I didn't need them when using Irix, so I don't know if it would have addressed
the actual issue, but that seems to have had better facilities, such as
easily-usable robust process trees. Similarly Super-UX, it seemed.

------
peter_d_sherman
To really capture any new process, on an x86 chip at least, you'd need to
implement some kind of hardware callback to the OS whenever a new Task State
Segment (TSS) was created in the GDT.

Note however, that this wouldn't capture new threads that are created inside
of existing tasks/processes, nor those inside of software emulated virtual
machines, and the capture of those, additionally, for logging purposes, might
be desirable...

But, for future hardware designers out there -- if you're going to create a
new CPU, then I think a hardware callback for anytime a new task is created --
would be a great addition for your new CPU...

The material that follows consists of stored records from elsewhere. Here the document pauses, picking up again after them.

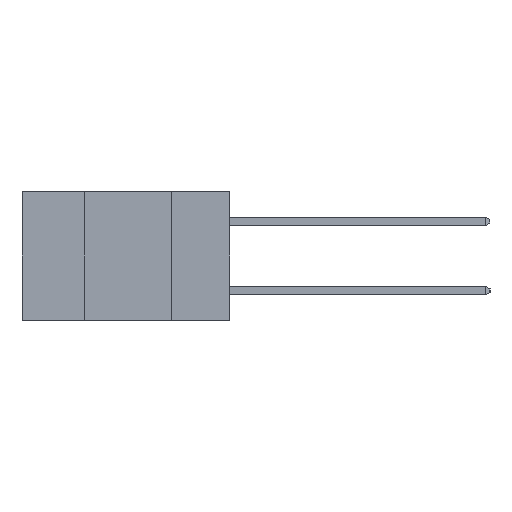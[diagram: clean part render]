
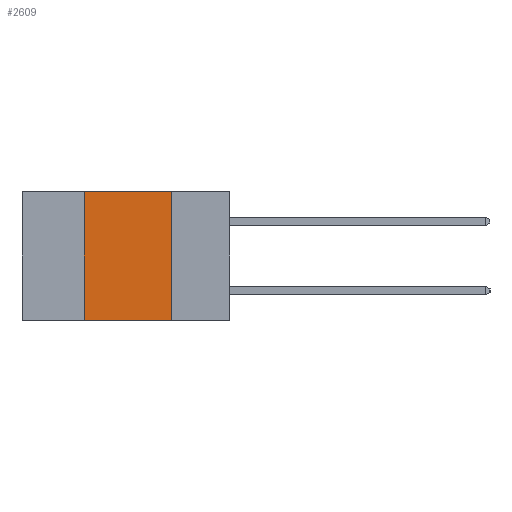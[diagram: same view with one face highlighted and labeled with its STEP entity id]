
A CAD part, left-side view. The second image highlights one B-rep face of the part: STEP entity #2609.
In plain terms, the highlighted planar face has unit normal (-1, 0, 0).
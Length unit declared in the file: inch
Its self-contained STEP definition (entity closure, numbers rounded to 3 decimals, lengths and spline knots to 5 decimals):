
#1192 = VERTEX_POINT ( 'NONE', #22810 ) ;
#2609 = ADVANCED_FACE ( 'NONE', ( #6391 ), #17005, .F. ) ;
#3905 = DIRECTION ( 'NONE',  ( 0., 0., -1. ) ) ;
#4627 = EDGE_CURVE ( 'NONE', #7049, #1192, #6590, .T. ) ;
#5010 = CARTESIAN_POINT ( 'NONE',  ( 0., 0.42, 0. ) ) ;
#5110 = EDGE_CURVE ( 'NONE', #24261, #17223, #20347, .T. ) ;
#5266 = CARTESIAN_POINT ( 'NONE',  ( 0., 0.17, 0. ) ) ;
#5666 = VECTOR ( 'NONE', #8549, 39.37008 ) ;
#5953 = ORIENTED_EDGE ( 'NONE', *, *, #8802, .F. ) ;
#6391 = FACE_OUTER_BOUND ( 'NONE', #19944, .T. ) ;
#6590 = LINE ( 'NONE', #13229, #22183 ) ;
#7049 = VERTEX_POINT ( 'NONE', #24197 ) ;
#8549 = DIRECTION ( 'NONE',  ( 0., 0., 1. ) ) ;
#8802 = EDGE_CURVE ( 'NONE', #7049, #24261, #20669, .T. ) ;
#9149 = EDGE_CURVE ( 'NONE', #17223, #1192, #23045, .T. ) ;
#9914 = ORIENTED_EDGE ( 'NONE', *, *, #5110, .F. ) ;
#13229 = CARTESIAN_POINT ( 'NONE',  ( 0., 0.6, -0.37 ) ) ;
#13313 = DIRECTION ( 'NONE',  ( 0., -1., 0. ) ) ;
#14639 = ORIENTED_EDGE ( 'NONE', *, *, #4627, .T. ) ;
#15157 = VECTOR ( 'NONE', #20476, 39.37008 ) ;
#15481 = AXIS2_PLACEMENT_3D ( 'NONE', #17116, #16955, #16926 ) ;
#16926 = DIRECTION ( 'NONE',  ( 0., 0., -1. ) ) ;
#16955 = DIRECTION ( 'NONE',  ( 1., 0., 0. ) ) ;
#17005 = PLANE ( 'NONE',  #15481 ) ;
#17116 = CARTESIAN_POINT ( 'NONE',  ( 0., 0.6, 0. ) ) ;
#17223 = VERTEX_POINT ( 'NONE', #5266 ) ;
#17629 = CARTESIAN_POINT ( 'NONE',  ( 0., 0.17, -0.37 ) ) ;
#17919 = VECTOR ( 'NONE', #3905, 39.37008 ) ;
#18525 = CARTESIAN_POINT ( 'NONE',  ( 0., 0.6, 0. ) ) ;
#19944 = EDGE_LOOP ( 'NONE', ( #24251, #9914, #5953, #14639 ) ) ;
#20265 = CARTESIAN_POINT ( 'NONE',  ( 0., 0.42, -0.37 ) ) ;
#20347 = LINE ( 'NONE', #18525, #15157 ) ;
#20476 = DIRECTION ( 'NONE',  ( 0., -1., 0. ) ) ;
#20669 = LINE ( 'NONE', #20265, #5666 ) ;
#22183 = VECTOR ( 'NONE', #13313, 39.37008 ) ;
#22810 = CARTESIAN_POINT ( 'NONE',  ( 0., 0.17, -0.37 ) ) ;
#23045 = LINE ( 'NONE', #17629, #17919 ) ;
#24197 = CARTESIAN_POINT ( 'NONE',  ( 0., 0.42, -0.37 ) ) ;
#24251 = ORIENTED_EDGE ( 'NONE', *, *, #9149, .F. ) ;
#24261 = VERTEX_POINT ( 'NONE', #5010 ) ;

Perhaps such a callback could be done in microcode...

Also, this callback should work in all nested VM/protection levels, from the
highest level hypervisor, down to the lowest level OS...

Anyway, just thinking aloud...

------
IvyMike
Worth mentioning the Microsoft(!) Process Monitor for Linux, as well.
[https://github.com/microsoft/ProcMon-for-
Linux](https://github.com/microsoft/ProcMon-for-Linux)

The windows procmon is very powerful, but the linux one is still in preview so
YMMV.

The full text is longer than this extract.